[Items from a dataset]
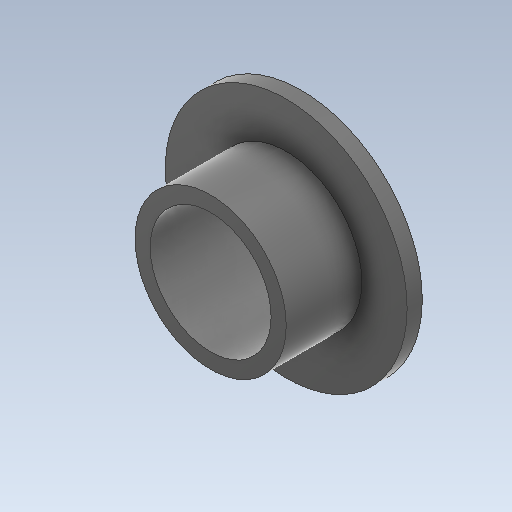
# Autodesk Inventor part: フランジブッシュ　d8-D10-l5-f16
Saved by Autodesk Inventor 2020 (Build 240168000, 168)
## iProperties
Created: 2020-02-26
Part Number: フランジブッシュ　d8-D10-l5-f16
Material: アセタール樹脂、黒
Document SubType Name: Modeling
Designer: tanjihayato
Density: 1.425 g/cm^3
Appearance: 滑らか - 黒
Mass: 0.41634 g
Surface Area: 6.59734 cm^2
Volume: 0.292168 cm^3
Author: tanjihayato
Autodesk Inventor part; units mm, degrees
ref_plane "YZ Plane" through (0, 0, 0) normal (1, 0, 0) x (0, 1, 0)
ref_plane "XZ Plane" through (0, 0, 0) normal (0, 1, 0) x (-1, 0, 0)
ref_plane "XY Plane" through (0, 0, 0) normal (0, 0, 1) x (1, 0, 0)
sketch "スケッチ1" plane through (0, 0, 0) normal (0, 0, 1) x (1, 0, 0)
  circle A0 centre (0, 0) radius 4
  circle A1 centre (0, 0) radius 5
  circle A2 centre (0, 0) radius 8
  dimension "d0" = 8
  dimension "d1" = 10
  dimension "d2" = 16
  constraints: 3 centre point, 3 coincident
  measures "d0" diameter of A0
  measures "d1" diameter of A1
  measures "d2" diameter of A2
extrude "押し出し1" add sketch "スケッチ1" along normal blind 1 contours A1 | A2
extrude "押し出し2" add sketch "スケッチ1" along normal blind 6 contours A1

▶ WHAT YOU SHOULD DO
All lines from the line holding "Density: 1.425 g/cm^3" through the end of the records above need to be transcribed exactly, and no other text should appear.

▶ TASK RESULT
Density: 1.425 g/cm^3
Appearance: 滑らか - 黒
Mass: 0.41634 g
Surface Area: 6.59734 cm^2
Volume: 0.292168 cm^3
Author: tanjihayato
Autodesk Inventor part; units mm, degrees
ref_plane "YZ Plane" through (0, 0, 0) normal (1, 0, 0) x (0, 1, 0)
ref_plane "XZ Plane" through (0, 0, 0) normal (0, 1, 0) x (-1, 0, 0)
ref_plane "XY Plane" through (0, 0, 0) normal (0, 0, 1) x (1, 0, 0)
sketch "スケッチ1" plane through (0, 0, 0) normal (0, 0, 1) x (1, 0, 0)
  circle A0 centre (0, 0) radius 4
  circle A1 centre (0, 0) radius 5
  circle A2 centre (0, 0) radius 8
  dimension "d0" = 8
  dimension "d1" = 10
  dimension "d2" = 16
  constraints: 3 centre point, 3 coincident
  measures "d0" diameter of A0
  measures "d1" diameter of A1
  measures "d2" diameter of A2
extrude "押し出し1" add sketch "スケッチ1" along normal blind 1 contours A1 | A2
extrude "押し出し2" add sketch "スケッチ1" along normal blind 6 contours A1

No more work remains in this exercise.